Los niños y adultos nos hablan de la presencia de seres que les rodean, les guían y les ayudan en el momento de su salida del cuerpo. Los niños pequeños les llaman con frecuencia «compañeros de viaje». Las iglesias les han llamado «ángeles de la guarda», mientras que la mayoría de los investigadores les llaman «guías espirituales». No tiene ninguna importancia la designación que les demos, pero es importante saber que cada ser humano, desde el primer soplo hasta la transición que pone fin a su existencia terrestre, está rodeado de guías espirituales y de ángeles de la guarda que le esperan y le ayudan en el momento del paso al más allá.
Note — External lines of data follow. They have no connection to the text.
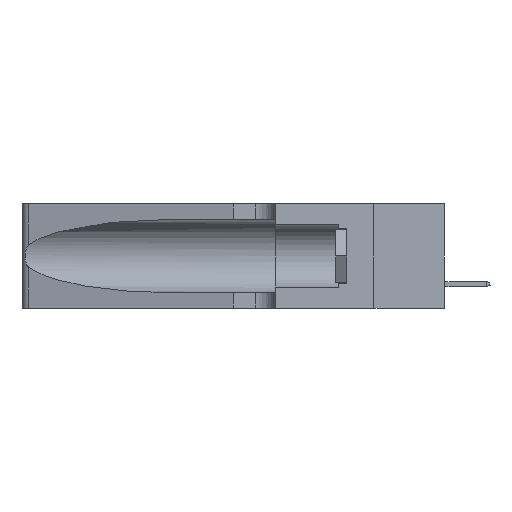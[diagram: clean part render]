
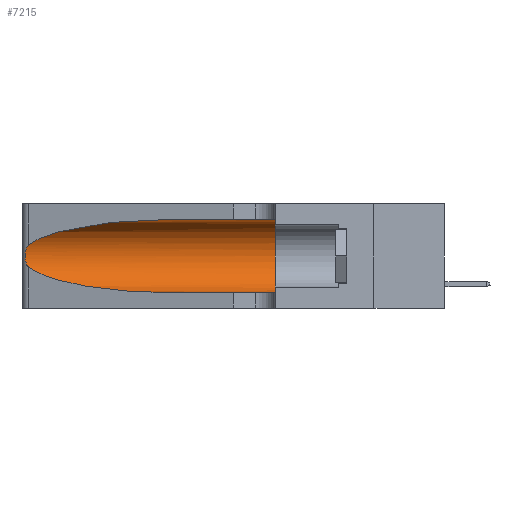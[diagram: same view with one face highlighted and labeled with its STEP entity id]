
A CAD part, left-side view. The second image highlights one B-rep face of the part: STEP entity #7215.
In plain terms, the highlighted cylindrical face has radius 3.308 mm (diameter 6.617 mm), a partial arc.
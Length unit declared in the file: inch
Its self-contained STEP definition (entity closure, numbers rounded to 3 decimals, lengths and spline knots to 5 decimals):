
#328 = CARTESIAN_POINT ( 'NONE',  ( 0.1305, 0.35, 0.185 ) ) ;
#486 =( BOUNDED_CURVE ( )  B_SPLINE_CURVE ( 3, ( #7637, #10927, #17541, #36985 ),
 .UNSPECIFIED., .F., .F. ) 
 B_SPLINE_CURVE_WITH_KNOTS ( ( 4, 4 ),
 ( 1.5708, 2.84003 ),
 .UNSPECIFIED. ) 
 CURVE ( )  GEOMETRIC_REPRESENTATION_ITEM ( )  RATIONAL_B_SPLINE_CURVE ( ( 1., 0.87, 0.87, 1. ) ) 
 REPRESENTATION_ITEM ( '' )  );
#2868 = CARTESIAN_POINT ( 'NONE',  ( 0.26018, 1.23835, 0.19895 ) ) ;
#3008 = CARTESIAN_POINT ( 'NONE',  ( 0.25639, 1.23186, 0.15144 ) ) ;
#3699 = DIRECTION ( 'NONE',  ( 0., 0., -1. ) ) ;
#5570 = ORIENTED_EDGE ( 'NONE', *, *, #22729, .F. ) ;
#7215 = ADVANCED_FACE ( 'NONE', ( #8773 ), #11360, .F. ) ;
#7611 = CARTESIAN_POINT ( 'NONE',  ( 0.25487, 1.22718, 0.14631 ) ) ;
#7637 = CARTESIAN_POINT ( 'NONE',  ( 0.1305, 0.72297, 0.31525 ) ) ;
#8773 = FACE_OUTER_BOUND ( 'NONE', #38869, .T. ) ;
#9439 = CARTESIAN_POINT ( 'NONE',  ( 0.26075, 1.23896, 0.19203 ) ) ;
#10431 = CARTESIAN_POINT ( 'NONE',  ( 0.1305, 0.35, 0.05475 ) ) ;
#10445 =( BOUNDED_CURVE ( )  B_SPLINE_CURVE ( 3, ( #39353, #20366, #36265, #35980 ),
 .UNSPECIFIED., .F., .F. ) 
 B_SPLINE_CURVE_WITH_KNOTS ( ( 4, 4 ),
 ( 3.44316, 4.71239 ),
 .UNSPECIFIED. ) 
 CURVE ( )  GEOMETRIC_REPRESENTATION_ITEM ( )  RATIONAL_B_SPLINE_CURVE ( ( 1., 0.87, 0.87, 1. ) ) 
 REPRESENTATION_ITEM ( '' )  );
#10927 = CARTESIAN_POINT ( 'NONE',  ( 0.18966, 0.96281, 0.31525 ) ) ;
#11057 = AXIS2_PLACEMENT_3D ( 'NONE', #15023, #25679, #3699 ) ;
#11360 = CYLINDRICAL_SURFACE ( 'NONE', #11057, 0.13025 ) ;
#12338 = EDGE_CURVE ( 'NONE', #26430, #18817, #39892, .T. ) ;
#12742 = ORIENTED_EDGE ( 'NONE', *, *, #12338, .T. ) ;
#15023 = CARTESIAN_POINT ( 'NONE',  ( 0.1305, 1.61858, 0.185 ) ) ;
#15467 = EDGE_CURVE ( 'NONE', #16605, #22511, #20437, .T. ) ;
#15634 = CARTESIAN_POINT ( 'NONE',  ( 0.25555, 1.22994, 0.2215 ) ) ;
#15696 = LINE ( 'NONE', #30234, #20263 ) ;
#15917 = CARTESIAN_POINT ( 'NONE',  ( 0.25856, 1.23593, 0.16098 ) ) ;
#15945 = ORIENTED_EDGE ( 'NONE', *, *, #15467, .T. ) ;
#16055 = CARTESIAN_POINT ( 'NONE',  ( 0.1305, 1.61858, 0.05475 ) ) ;
#16605 = VERTEX_POINT ( 'NONE', #29034 ) ;
#17541 = CARTESIAN_POINT ( 'NONE',  ( 0.2373, 1.15595, 0.28018 ) ) ;
#17962 = ORIENTED_EDGE ( 'NONE', *, *, #28723, .F. ) ;
#18817 = VERTEX_POINT ( 'NONE', #7611 ) ;
#19163 = CARTESIAN_POINT ( 'NONE',  ( 0.25487, 1.22718, 0.22369 ) ) ;
#20010 = CARTESIAN_POINT ( 'NONE',  ( 0.25555, 1.22993, 0.14849 ) ) ;
#20263 = VECTOR ( 'NONE', #30780, 39.37008 ) ;
#20366 = CARTESIAN_POINT ( 'NONE',  ( 0.2373, 1.15595, 0.08982 ) ) ;
#20437 = LINE ( 'NONE', #16055, #30510 ) ;
#20691 = VERTEX_POINT ( 'NONE', #38720 ) ;
#22422 = CARTESIAN_POINT ( 'NONE',  ( 0.25789, 1.23486, 0.15765 ) ) ;
#22511 = VERTEX_POINT ( 'NONE', #10431 ) ;
#22729 = EDGE_CURVE ( 'NONE', #20691, #22511, #26124, .T. ) ;
#23423 = CARTESIAN_POINT ( 'NONE',  ( 0.1305, 0.72297, 0.31525 ) ) ;
#25679 = DIRECTION ( 'NONE',  ( 0., -1., 0. ) ) ;
#26124 = CIRCLE ( 'NONE', #40564, 0.13025 ) ;
#26430 = VERTEX_POINT ( 'NONE', #32190 ) ;
#28481 = CARTESIAN_POINT ( 'NONE',  ( 0.25639, 1.23184, 0.21858 ) ) ;
#28685 = ORIENTED_EDGE ( 'NONE', *, *, #28699, .T. ) ;
#28699 = EDGE_CURVE ( 'NONE', #32059, #26430, #486, .T. ) ;
#28723 = EDGE_CURVE ( 'NONE', #32059, #20691, #15696, .T. ) ;
#28759 = CARTESIAN_POINT ( 'NONE',  ( 0.25854, 1.2359, 0.20912 ) ) ;
#29033 = DIRECTION ( 'NONE',  ( 0., -1., 0. ) ) ;
#29034 = CARTESIAN_POINT ( 'NONE',  ( 0.1305, 0.72297, 0.05475 ) ) ;
#29505 = DIRECTION ( 'NONE',  ( 0., 0., 1. ) ) ;
#30234 = CARTESIAN_POINT ( 'NONE',  ( 0.1305, 1.61858, 0.31525 ) ) ;
#30510 = VECTOR ( 'NONE', #29033, 39.37008 ) ;
#30780 = DIRECTION ( 'NONE',  ( 0., -1., 0. ) ) ;
#31994 = CARTESIAN_POINT ( 'NONE',  ( 0.26075, 1.23896, 0.178 ) ) ;
#32059 = VERTEX_POINT ( 'NONE', #23423 ) ;
#32190 = CARTESIAN_POINT ( 'NONE',  ( 0.25487, 1.22718, 0.22369 ) ) ;
#32829 = CARTESIAN_POINT ( 'NONE',  ( 0.25487, 1.22718, 0.14631 ) ) ;
#34474 = EDGE_CURVE ( 'NONE', #18817, #16605, #10445, .T. ) ;
#35080 = CARTESIAN_POINT ( 'NONE',  ( 0.25787, 1.23484, 0.2124 ) ) ;
#35205 = CARTESIAN_POINT ( 'NONE',  ( 0.26017, 1.23833, 0.17102 ) ) ;
#35980 = CARTESIAN_POINT ( 'NONE',  ( 0.1305, 0.72297, 0.05475 ) ) ;
#36265 = CARTESIAN_POINT ( 'NONE',  ( 0.18966, 0.96281, 0.05475 ) ) ;
#36985 = CARTESIAN_POINT ( 'NONE',  ( 0.25487, 1.22718, 0.22369 ) ) ;
#38720 = CARTESIAN_POINT ( 'NONE',  ( 0.1305, 0.35, 0.31525 ) ) ;
#38869 = EDGE_LOOP ( 'NONE', ( #28685, #12742, #40910, #15945, #5570, #17962 ) ) ;
#39062 = DIRECTION ( 'NONE',  ( 0., 1., 0. ) ) ;
#39353 = CARTESIAN_POINT ( 'NONE',  ( 0.25487, 1.22718, 0.14631 ) ) ;
#39892 = B_SPLINE_CURVE_WITH_KNOTS ( 'NONE', 3,
 ( #19163, #15634, #28481, #35080, #28759, #2868, #9439, #31994, #35205, #15917, #22422, #3008, #20010, #32829 ),
 .UNSPECIFIED., .F., .F.,
 ( 4, 2, 2, 2, 2, 2, 4 ),
 ( 0., 0.00027, 0.00053, 0.00107, 0.0016, 0.00187, 0.00214 ),
 .UNSPECIFIED. ) ;
#40564 = AXIS2_PLACEMENT_3D ( 'NONE', #328, #39062, #29505 ) ;
#40910 = ORIENTED_EDGE ( 'NONE', *, *, #34474, .T. ) ;

Somos siempre recibidos por aquellos que nos precedieron en la muerte y que en otro tiempo amamos.
Entre aquellos que nos acogen pueden encontrarse, por ejemplo, los hijos que perdimos precozmente, o los abuelos, o el padre o la madre u otras personas muy cercanas a nosotros en la tierra.
La tercera razón por la que no estamos solos en el momento de nuestra transición es porque después de abandonar nuestro cuerpo físico (lo que puede ocurrir antes de la muerte verdadera) nos encontramos en una existencia en la que no hay ni tiempo ni espacio y podemos desplazarnos instantáneamente donde queramos.
La pequeña Susy, que muere de leucemia en un hospital, está acompañada permanentemente por su madre. La pequeña se da cuenta de que cada vez le será más difícil dejarla pues ella se inclina a veces sobre su cama y murmura: «No te mueras, querida, no me puedes hacer esto. No podré vivir sin ti».
Esta madre -y se parece a muchos de nosotros- culpabiliza al moribundo. Susy, que ha abandonado su cuerpo durante el sueño y también en estado de vigilia para ir allá donde tenía ganas, tiene la certeza de una existencia después de la muerte y pide sencillamente a su madre que se vaya del hospital.
En estas situaciones los niños suelen decir: «Mamá, tienes aire de cansada. ¿Por qué no te vas a casa para ducharte y descansar? De verdad, yo estoy muy bien». Quizá media hora después suena el teléfono de casa y alguien del hospital dice: «Señora Schmidt, estamos desolados al tener que informarle que su hija acaba de morir». Desgraciadamente, estos padres se culpabilizan después. Se avergüenzan y se reprochan por no haberse quedado media hora más y haber podido estar presentes en el momento de la muerte de su hijo. Estos padres no saben generalmente que nadie muere solo. Nuestra pequeña Susy había deshecho ya sus contactos terrestres, había adquirido la capacidad de abandonar su envoltura y liberarse de ella rápidamente para volver con la velocidad del pensamiento cerca de su mamá o su papá o hacia cualquier persona que la atrajese. Como ya lo dije anteriormente, todos llevamos el sello divino. Recibimos ese don hace millones de años y además del libre albedrío, también recibimos la capacidad de abandonar nuestro cuerpo y no sólo en el momento de la muerte, sino también en momentos de crisis después de un agotamiento, en circunstancias extraordinarias, así como en diferentes fases del sueño.